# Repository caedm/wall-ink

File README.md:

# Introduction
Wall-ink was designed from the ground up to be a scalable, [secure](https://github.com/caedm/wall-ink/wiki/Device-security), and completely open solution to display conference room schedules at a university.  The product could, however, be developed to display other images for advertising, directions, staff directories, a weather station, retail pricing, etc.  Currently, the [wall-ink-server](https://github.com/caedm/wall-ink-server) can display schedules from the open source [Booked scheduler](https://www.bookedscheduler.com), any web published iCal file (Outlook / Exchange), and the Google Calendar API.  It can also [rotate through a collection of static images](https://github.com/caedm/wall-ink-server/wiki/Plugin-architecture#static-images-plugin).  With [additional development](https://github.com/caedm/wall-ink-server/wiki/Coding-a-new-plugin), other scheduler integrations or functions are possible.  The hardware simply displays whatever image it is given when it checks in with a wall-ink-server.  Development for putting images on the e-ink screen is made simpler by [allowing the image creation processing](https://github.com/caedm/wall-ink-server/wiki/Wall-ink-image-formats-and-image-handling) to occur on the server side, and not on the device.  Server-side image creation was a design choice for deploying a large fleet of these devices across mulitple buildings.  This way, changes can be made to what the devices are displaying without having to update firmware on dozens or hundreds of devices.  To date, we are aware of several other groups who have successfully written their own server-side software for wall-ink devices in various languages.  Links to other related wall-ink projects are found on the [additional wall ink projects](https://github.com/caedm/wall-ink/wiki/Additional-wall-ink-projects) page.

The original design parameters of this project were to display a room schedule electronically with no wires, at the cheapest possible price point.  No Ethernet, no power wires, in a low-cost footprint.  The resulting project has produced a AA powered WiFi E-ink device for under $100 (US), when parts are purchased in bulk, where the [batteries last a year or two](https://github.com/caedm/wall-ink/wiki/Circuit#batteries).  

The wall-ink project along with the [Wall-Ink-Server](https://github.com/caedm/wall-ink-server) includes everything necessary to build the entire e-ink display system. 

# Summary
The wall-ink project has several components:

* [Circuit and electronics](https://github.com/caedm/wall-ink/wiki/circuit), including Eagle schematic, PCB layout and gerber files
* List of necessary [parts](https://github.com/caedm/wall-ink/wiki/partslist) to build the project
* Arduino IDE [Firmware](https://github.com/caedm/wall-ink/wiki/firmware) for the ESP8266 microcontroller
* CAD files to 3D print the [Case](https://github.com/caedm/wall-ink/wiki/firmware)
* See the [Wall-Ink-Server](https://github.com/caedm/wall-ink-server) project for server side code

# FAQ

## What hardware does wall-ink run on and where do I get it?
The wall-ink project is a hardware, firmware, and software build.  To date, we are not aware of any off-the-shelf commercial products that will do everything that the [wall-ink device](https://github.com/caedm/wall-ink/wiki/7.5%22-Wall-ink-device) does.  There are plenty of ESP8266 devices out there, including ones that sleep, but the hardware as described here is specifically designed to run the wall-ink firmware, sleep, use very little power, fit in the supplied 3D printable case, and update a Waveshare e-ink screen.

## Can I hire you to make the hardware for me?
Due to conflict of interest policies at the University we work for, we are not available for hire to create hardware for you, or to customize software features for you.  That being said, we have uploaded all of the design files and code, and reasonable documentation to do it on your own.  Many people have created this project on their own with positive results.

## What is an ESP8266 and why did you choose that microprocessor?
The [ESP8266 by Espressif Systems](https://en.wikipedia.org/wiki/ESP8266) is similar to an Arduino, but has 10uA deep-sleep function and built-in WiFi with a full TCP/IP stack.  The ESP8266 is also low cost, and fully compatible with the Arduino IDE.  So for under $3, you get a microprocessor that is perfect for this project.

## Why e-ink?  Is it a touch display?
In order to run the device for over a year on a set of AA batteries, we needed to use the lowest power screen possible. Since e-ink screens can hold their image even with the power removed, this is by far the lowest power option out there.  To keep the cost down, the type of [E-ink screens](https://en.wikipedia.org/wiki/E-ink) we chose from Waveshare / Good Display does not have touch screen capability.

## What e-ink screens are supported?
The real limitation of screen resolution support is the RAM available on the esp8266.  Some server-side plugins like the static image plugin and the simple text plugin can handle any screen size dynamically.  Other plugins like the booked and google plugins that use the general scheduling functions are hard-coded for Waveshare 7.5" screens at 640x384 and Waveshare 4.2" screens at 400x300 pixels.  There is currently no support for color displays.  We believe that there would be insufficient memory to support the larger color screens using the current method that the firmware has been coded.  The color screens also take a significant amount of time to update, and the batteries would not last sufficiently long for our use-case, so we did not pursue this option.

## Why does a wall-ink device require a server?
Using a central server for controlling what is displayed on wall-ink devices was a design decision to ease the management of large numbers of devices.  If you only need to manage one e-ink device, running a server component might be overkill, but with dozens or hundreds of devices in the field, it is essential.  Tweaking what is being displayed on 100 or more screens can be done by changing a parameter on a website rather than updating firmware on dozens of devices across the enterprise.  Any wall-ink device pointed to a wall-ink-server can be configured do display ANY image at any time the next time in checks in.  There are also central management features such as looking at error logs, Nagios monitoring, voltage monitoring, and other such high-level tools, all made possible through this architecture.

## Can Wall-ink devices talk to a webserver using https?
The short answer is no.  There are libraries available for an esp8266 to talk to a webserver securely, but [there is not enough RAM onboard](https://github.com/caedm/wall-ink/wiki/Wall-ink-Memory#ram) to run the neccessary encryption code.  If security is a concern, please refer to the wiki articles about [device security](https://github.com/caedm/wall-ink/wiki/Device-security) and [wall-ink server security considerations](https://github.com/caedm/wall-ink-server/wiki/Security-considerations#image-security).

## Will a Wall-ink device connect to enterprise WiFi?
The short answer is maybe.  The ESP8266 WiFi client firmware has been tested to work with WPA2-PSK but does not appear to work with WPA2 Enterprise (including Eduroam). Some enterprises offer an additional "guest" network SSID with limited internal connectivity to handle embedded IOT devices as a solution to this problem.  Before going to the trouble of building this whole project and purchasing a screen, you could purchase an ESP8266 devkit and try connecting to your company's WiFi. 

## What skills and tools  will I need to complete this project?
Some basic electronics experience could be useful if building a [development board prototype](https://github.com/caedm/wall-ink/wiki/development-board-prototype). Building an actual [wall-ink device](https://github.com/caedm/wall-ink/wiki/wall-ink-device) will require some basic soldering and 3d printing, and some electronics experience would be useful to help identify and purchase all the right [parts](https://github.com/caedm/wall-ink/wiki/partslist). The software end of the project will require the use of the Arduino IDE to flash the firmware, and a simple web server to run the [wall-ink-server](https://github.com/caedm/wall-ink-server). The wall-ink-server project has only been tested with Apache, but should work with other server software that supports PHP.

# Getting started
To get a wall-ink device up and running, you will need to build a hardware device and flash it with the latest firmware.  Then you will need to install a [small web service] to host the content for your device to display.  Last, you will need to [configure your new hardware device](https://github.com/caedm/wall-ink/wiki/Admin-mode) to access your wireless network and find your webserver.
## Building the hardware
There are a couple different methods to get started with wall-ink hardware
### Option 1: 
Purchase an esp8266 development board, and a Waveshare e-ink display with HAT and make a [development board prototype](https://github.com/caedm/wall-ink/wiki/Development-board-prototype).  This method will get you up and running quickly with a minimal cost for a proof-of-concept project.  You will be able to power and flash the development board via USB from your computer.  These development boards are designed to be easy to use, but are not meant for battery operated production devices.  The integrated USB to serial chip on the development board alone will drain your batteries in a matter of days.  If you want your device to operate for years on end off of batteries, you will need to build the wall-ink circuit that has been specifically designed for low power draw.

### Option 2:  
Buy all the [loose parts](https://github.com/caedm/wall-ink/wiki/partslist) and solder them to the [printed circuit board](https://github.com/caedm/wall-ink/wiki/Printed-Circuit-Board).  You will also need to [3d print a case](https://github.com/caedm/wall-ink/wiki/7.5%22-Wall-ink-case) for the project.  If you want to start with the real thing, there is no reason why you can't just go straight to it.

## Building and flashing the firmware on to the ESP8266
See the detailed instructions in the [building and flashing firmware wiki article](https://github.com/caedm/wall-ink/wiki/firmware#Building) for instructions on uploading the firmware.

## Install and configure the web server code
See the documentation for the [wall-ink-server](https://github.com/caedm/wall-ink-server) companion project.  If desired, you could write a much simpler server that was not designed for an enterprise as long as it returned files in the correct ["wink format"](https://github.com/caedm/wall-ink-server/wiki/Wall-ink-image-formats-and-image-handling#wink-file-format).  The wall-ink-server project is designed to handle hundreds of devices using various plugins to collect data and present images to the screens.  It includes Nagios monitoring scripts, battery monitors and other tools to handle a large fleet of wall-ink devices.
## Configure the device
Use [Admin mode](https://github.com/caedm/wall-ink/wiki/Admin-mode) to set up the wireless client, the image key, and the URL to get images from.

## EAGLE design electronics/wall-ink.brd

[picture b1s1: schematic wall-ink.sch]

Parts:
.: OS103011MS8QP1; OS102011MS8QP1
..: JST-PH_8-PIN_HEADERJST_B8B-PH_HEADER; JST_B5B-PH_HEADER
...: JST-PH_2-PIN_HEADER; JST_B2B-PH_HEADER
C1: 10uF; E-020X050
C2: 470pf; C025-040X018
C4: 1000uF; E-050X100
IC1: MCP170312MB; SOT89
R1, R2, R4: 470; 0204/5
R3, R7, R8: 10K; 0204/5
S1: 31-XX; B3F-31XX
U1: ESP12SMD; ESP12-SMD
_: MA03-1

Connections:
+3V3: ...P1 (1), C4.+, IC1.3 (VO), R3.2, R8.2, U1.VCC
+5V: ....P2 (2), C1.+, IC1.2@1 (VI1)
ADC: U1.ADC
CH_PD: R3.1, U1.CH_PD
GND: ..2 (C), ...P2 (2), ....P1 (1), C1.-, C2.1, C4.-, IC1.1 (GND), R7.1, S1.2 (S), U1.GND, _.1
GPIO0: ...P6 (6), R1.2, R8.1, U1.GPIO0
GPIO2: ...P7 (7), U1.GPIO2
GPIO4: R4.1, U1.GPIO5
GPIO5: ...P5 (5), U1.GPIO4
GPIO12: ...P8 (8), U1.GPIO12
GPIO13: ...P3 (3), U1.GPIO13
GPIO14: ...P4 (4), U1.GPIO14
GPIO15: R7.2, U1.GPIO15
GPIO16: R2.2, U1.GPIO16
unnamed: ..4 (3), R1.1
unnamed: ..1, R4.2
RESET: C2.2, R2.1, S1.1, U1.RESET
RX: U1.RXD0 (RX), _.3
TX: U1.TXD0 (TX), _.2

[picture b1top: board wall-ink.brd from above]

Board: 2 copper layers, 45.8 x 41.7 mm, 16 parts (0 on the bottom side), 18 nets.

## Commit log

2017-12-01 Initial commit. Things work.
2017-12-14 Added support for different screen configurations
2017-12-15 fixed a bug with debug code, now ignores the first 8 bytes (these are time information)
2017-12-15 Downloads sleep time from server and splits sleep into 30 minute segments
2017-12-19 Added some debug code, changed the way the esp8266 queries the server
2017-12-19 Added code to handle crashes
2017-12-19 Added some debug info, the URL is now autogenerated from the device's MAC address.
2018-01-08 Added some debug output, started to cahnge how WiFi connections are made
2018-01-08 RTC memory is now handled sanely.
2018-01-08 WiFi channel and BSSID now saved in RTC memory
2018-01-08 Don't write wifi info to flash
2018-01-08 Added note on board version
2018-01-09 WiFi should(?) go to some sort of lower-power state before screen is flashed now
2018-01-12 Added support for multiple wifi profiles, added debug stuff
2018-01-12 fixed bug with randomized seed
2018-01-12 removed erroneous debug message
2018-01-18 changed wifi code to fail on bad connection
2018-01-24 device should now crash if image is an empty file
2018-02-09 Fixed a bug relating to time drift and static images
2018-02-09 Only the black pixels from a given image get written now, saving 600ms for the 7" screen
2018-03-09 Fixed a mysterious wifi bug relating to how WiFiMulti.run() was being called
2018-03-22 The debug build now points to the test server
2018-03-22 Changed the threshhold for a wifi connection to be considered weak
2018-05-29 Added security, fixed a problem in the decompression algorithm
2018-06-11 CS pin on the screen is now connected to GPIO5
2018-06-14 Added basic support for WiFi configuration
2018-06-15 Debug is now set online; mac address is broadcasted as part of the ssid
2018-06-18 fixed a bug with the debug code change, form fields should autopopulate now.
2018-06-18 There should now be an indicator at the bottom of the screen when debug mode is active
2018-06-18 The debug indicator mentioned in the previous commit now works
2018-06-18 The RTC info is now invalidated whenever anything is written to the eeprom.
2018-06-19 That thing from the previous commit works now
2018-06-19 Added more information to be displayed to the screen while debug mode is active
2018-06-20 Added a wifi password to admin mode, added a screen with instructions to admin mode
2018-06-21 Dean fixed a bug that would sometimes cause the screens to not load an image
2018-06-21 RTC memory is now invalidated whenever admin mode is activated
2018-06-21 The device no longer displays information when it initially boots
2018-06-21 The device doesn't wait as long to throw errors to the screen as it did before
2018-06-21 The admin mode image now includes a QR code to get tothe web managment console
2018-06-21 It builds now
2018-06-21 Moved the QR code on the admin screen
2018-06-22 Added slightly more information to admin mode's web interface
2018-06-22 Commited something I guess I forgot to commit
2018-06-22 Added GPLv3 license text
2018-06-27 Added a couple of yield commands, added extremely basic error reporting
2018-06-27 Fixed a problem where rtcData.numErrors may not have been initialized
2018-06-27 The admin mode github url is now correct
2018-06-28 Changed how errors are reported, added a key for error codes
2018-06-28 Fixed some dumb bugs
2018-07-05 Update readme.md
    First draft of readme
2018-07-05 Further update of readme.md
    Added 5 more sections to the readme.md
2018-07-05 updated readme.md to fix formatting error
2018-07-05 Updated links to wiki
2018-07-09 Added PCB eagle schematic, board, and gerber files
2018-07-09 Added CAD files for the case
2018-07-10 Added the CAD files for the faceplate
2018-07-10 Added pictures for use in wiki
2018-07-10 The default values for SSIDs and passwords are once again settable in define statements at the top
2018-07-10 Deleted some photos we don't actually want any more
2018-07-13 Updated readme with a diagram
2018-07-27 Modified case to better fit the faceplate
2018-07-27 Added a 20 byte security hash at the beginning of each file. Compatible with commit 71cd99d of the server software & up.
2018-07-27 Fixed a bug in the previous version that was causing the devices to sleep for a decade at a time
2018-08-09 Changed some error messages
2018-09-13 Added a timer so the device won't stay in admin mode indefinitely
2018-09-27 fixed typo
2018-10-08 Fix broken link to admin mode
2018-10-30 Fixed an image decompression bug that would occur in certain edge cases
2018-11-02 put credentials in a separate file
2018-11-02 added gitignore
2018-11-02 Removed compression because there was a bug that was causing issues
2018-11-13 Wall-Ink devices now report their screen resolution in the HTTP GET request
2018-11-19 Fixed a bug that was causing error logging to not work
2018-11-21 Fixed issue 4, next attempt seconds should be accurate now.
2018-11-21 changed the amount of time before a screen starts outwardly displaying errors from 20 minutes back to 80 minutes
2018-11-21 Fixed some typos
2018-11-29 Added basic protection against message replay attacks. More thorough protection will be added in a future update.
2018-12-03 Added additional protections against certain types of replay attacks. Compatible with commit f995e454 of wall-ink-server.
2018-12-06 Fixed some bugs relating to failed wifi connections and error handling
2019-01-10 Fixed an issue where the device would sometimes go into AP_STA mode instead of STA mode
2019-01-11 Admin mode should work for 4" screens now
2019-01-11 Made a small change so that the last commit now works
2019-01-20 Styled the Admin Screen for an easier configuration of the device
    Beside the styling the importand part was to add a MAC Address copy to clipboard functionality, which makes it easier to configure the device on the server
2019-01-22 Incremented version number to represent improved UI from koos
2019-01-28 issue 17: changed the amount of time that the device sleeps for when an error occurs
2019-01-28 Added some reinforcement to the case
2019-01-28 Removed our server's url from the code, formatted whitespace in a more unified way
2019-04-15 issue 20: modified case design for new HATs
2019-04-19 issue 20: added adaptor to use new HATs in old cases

====

→ **EXERCISE DESCRIPTION**
The line containing "# Introduction" marks the end: copy exactly every line from the top of the data above down to it, that line included.

→ **WRITTEN RESPONSE**
# Repository caedm/wall-ink

File README.md:

# Introduction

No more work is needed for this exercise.